# Need help with photo paper.... some that does not give me the chills and willys!



## zandersig (Dec 24, 2012)

Hi all, I am in need of some help. I have an Ink jet printer and I am trying to find the best photo paper that has the same feel as a traditional (old) 35mm print does, I have been back and forth to all the office stores buying paper and taking it back. The problem I am having is that the coating they are now using on photo paper is unbearable to me, when I touch it it gives me the chills like when you rub Styrofoam together and you get the squeaking sound or running fingernails down a chalkboard and you get goosebumps and a chill run down your spine that is what the current glossy photo paper gives me! I have some old photo paper that is about 8 years old and the coating on it is smooth as silk and I can touch it and it feels just like an old 35mm picture that was made from negatives. It was awesome and I have yet to find any paper that can match the feel of it. I have now run out of that paper and I am trying to find some to replace it with. I have tried Cannon, Epson, HP, Office Depot brand, etc, etc.... every brand I have tried now has this crazy coating on it that drives me nuts and I can't touch it without getting chills! What have they done to the photo paper? This old stuff I was using was just a generic brand called "Special Memories" and it's awesome, it has the same slick glossy finish as an old 35mm picture does.

Can anyone help/tell me what to buy so I can get that back? I want it to be at least 70lb or thicker and glossy and have that smooth silky feel as an old 35mm picture does and something that will not give me chills like running fingernails down a chalkboard or rubbing Styrofoam together does. I can't believe how expensive the photo paper is now and I can't even touch it without getting chills up and down my spine! Some of that photo paper is like 40 bucks and it has this awful feel to it. What did they change to make it so unbearable to touch now days?

If anyone has had this same experience or you can help me find something that has a finish just like an old 35mm picture does I will be forever grateful! I have bought and taken back about 8 brands of photo paper during the last 3 weeks and I am ready to give up, so I turned to the internet to get some help.

Thanks all for your help!

Alex


----------



## ann (Dec 24, 2012)

Red River paper company sent out an email about a month ago about a new paper they are going to carry which they claim is similar to silver gelatin paper. At the time they offered a test pack for shipping cost only, but that was only to the first 100 people , etc.

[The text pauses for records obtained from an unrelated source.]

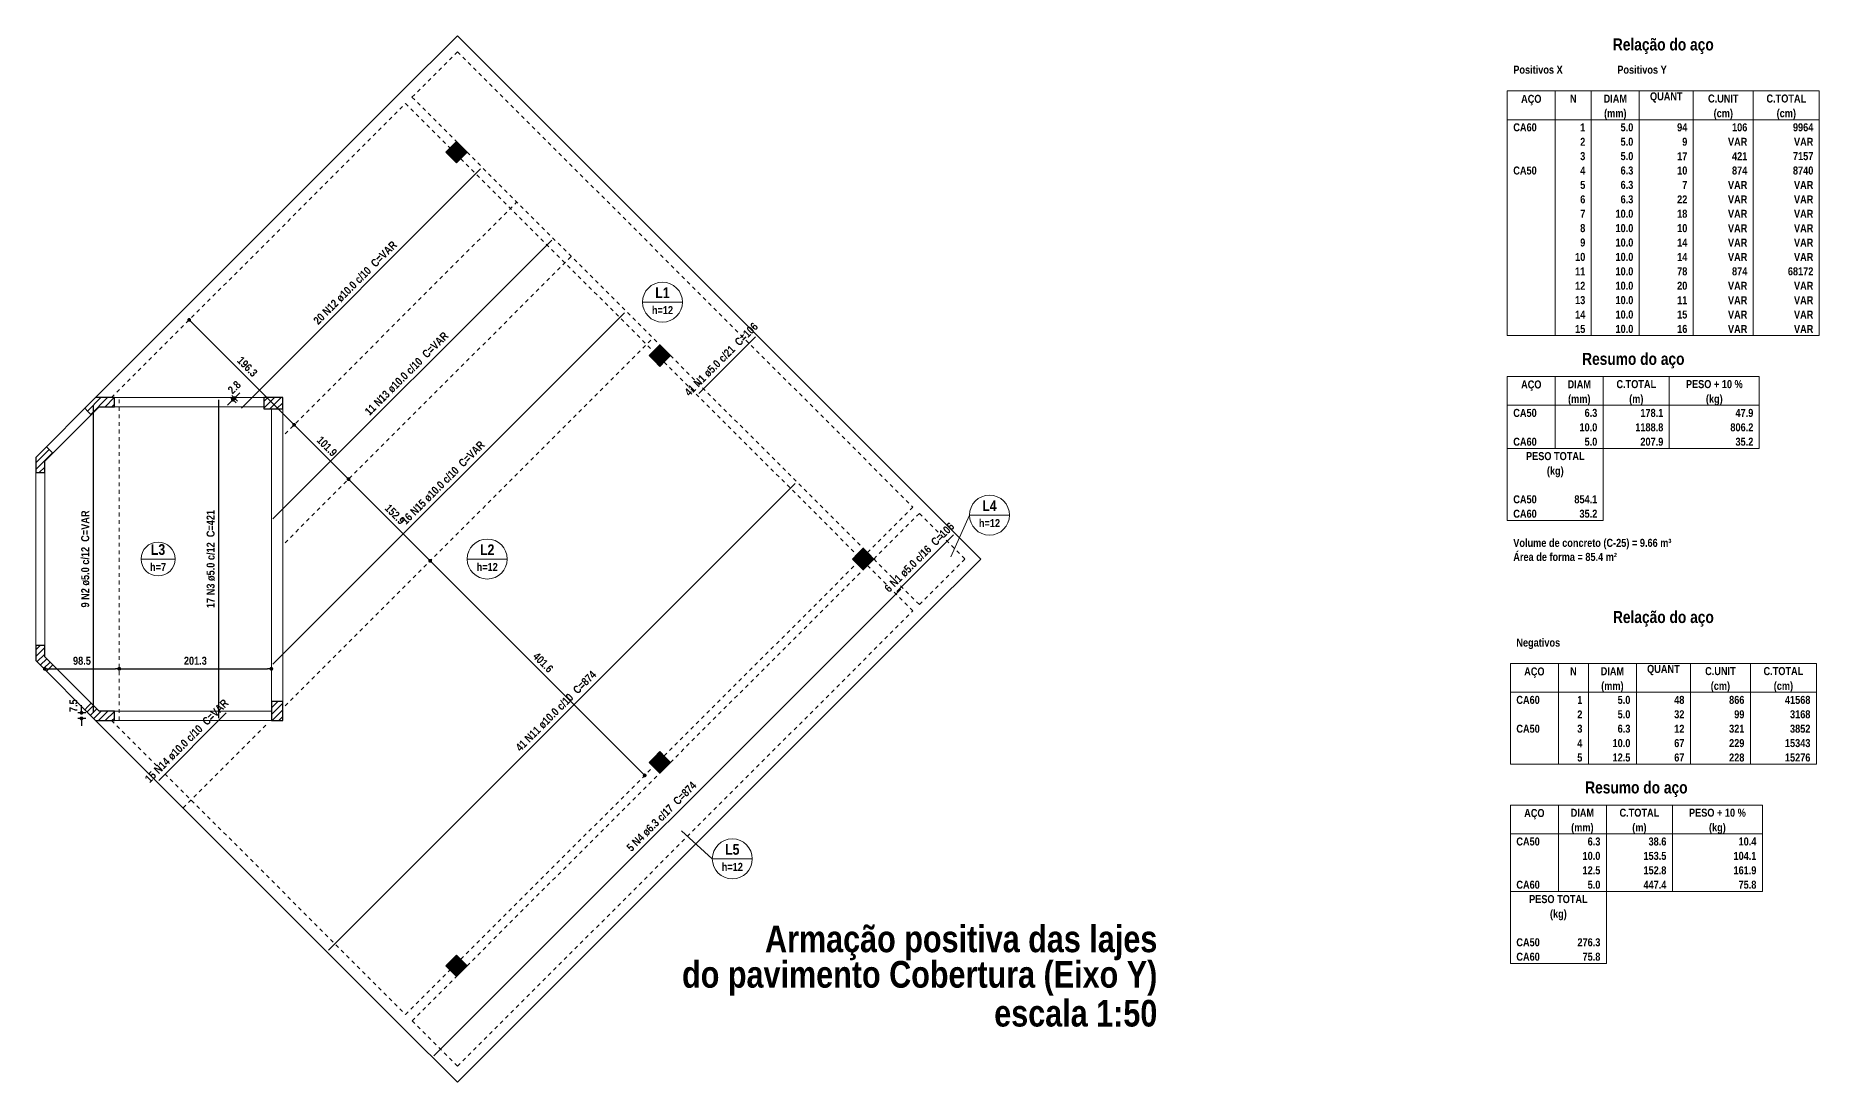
# Model space of a CAD drawing. Header units: millimetres. Extents: x 2249 to 2676, y -663 to -441.
# Drawn here: x 2477.07 to 2524.28, y -634.41 to -606.7 of the extents above; entities that cross this region are included whole.
import ezdxf

# ---------------------------------------------------------------- set-up
doc = ezdxf.new("R2010")
doc.units = ezdxf.units.MM
doc.header["$LTSCALE"] = 0.5
doc.header["$MEASUREMENT"] = 0
doc.header["$PDMODE"] = 34
doc.linetypes.add('DOT2', pattern=[3.175, 0, -3.175])
doc.layers.get('0').update_dxf_attribs({"linetype": 'CONTINUOUS'})
doc.layers.get('DEFPOINTS').update_dxf_attribs({"linetype": 'CONTINUOUS'})
for name, color, linetype, lineweight in [('Descrição da armadura', 7, 'CONTINUOUS', 5), ('DT-Armadura positiva', 2, 'CONTINUOUS', 30), ('DT-Cotas', 9, 'CONTINUOUS', 5), ('DT-Pontilhado', 9, 'DOT2', 5), ('DT-Relação do aço', 9, 'CONTINUOUS', 5), ('DT-Textos', 7, 'CONTINUOUS', 5), ('DT-Título', 3, 'CONTINUOUS', 20), ('FO-Hachuras dos pilares', 9, 'CONTINUOUS', 5), ('FO-Pilares', 4, 'CONTINUOUS', 30), ('FO-Vigas', 1, 'CONTINUOUS', 20)]:
    doc.layers.add(name, color=color, linetype=linetype, lineweight=lineweight)
doc.styles.add('ARIAL', font='ARIALNB.TTF')
doc.dimstyles.new('UM_50.000000', dxfattribs={"dimtxt": 0.18, "dimasz": 0.1, "dimexe": 0.1, "dimexo": 0.2, "dimgap": 0, "dimtad": 1, "dimtih": 1, "dimtoh": 1, "dimdec": 1, "dimlfac": 50, "dimzin": 0, "dimdsep": 46, "dimtxsty": 'Standard', "dimblk": 'CLOSED', "dimblk1": 'CLOSED', "dimblk2": 'CLOSED', "dimcen": 0.09, "dimdle": 0.1, "dimadec": 1, "dimazin": 2, "dimtfac": 1, "dimtdec": 4, "dimtofl": 0, "dimtmove": 0, "dimatfit": 3, "dimldrblk": 'CLOSED', "dimfxl": 1, "dimtolj": 1, "dimarcsym": 0})
pattern_1 = [(45, (2441.25908, -664.59642), (-0.08838835, 0.08838835), [])]

# ---------------------------------------------------------------- blocks, each defined once
blk = doc.blocks.new('_Dot')
at = {"color": 0, "linetype": 'ByBlock', "lineweight": -2}
blk.add_line((-0.5, 0), (-1, 0), dxfattribs=at)
at = {"color": 0, "linetype": 'ByBlock', "const_width": 0.5}
blk.add_lwpolyline([(-0.25, 0, 1), (0.25, 0, 1)], format="xyb", close=True, dxfattribs=at)
blk = doc.blocks.new('*D390')
at = {"layer": 'DEFPOINTS', "color": 0}
for p in [(2482.328, -616.294), (2482.513, -616.558), (2482.553, -616.519)]:
    blk.add_point(p, dxfattribs=at)
at = {"layer": 'DT-Cotas', "color": 0, "lineweight": -2}
for p, q in [((2482.399, -616.223), (2482.47, -616.153)), ((2482.218, -616.404), (2482.147, -616.475)), ((2482.372, -616.417), (2482.218, -616.263)), ((2482.411, -616.377), (2482.258, -616.223))]:
    blk.add_line(p, q, dxfattribs=at)
at = {"layer": 'DT-Cotas', "color": 0, "lineweight": -2, "xscale": 0.1, "yscale": 0.1, "zscale": 0.1}
for p, rotation in [((2482.289, -616.334), 44.99927531504827), ((2482.328, -616.294), 224.9992753150483)]:
    blk.add_blockref('_Dot', p, dxfattribs=dict(at, rotation=rotation))
at = {"layer": 'DT-Cotas', "insert": (2482.324, -616.007), "char_height": 0.2118, "attachment_point": 5, "rotation": 44.9993, "style": 'ARIAL'}
blk.add_mtext('\\A1;2.8', dxfattribs=at)
blk = doc.blocks.new('DOT')
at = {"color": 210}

I will have to check my other email address and see if i can find the info.

You keep referring to photo paper, but mention inkjet printer so the info I am taking about is inkjet paper, not traditional silver gelatin paper which is used for chemical printing.

Have you tried Epson's exhibition inkjet paper? Check at Showcase they carry it in varies sizes.


----------



## ann (Dec 25, 2012)

here is the link about the paper on Red River

Baryta Fine Art Photographic Inkjet Paper - San Gabriel SemiGloss Fiber by Red River Paper

The problem is two fold. your comparing a traditional paper from years ago, which could be a variety of surface types (at one time Kodak made 14 different types )to inkjet papers.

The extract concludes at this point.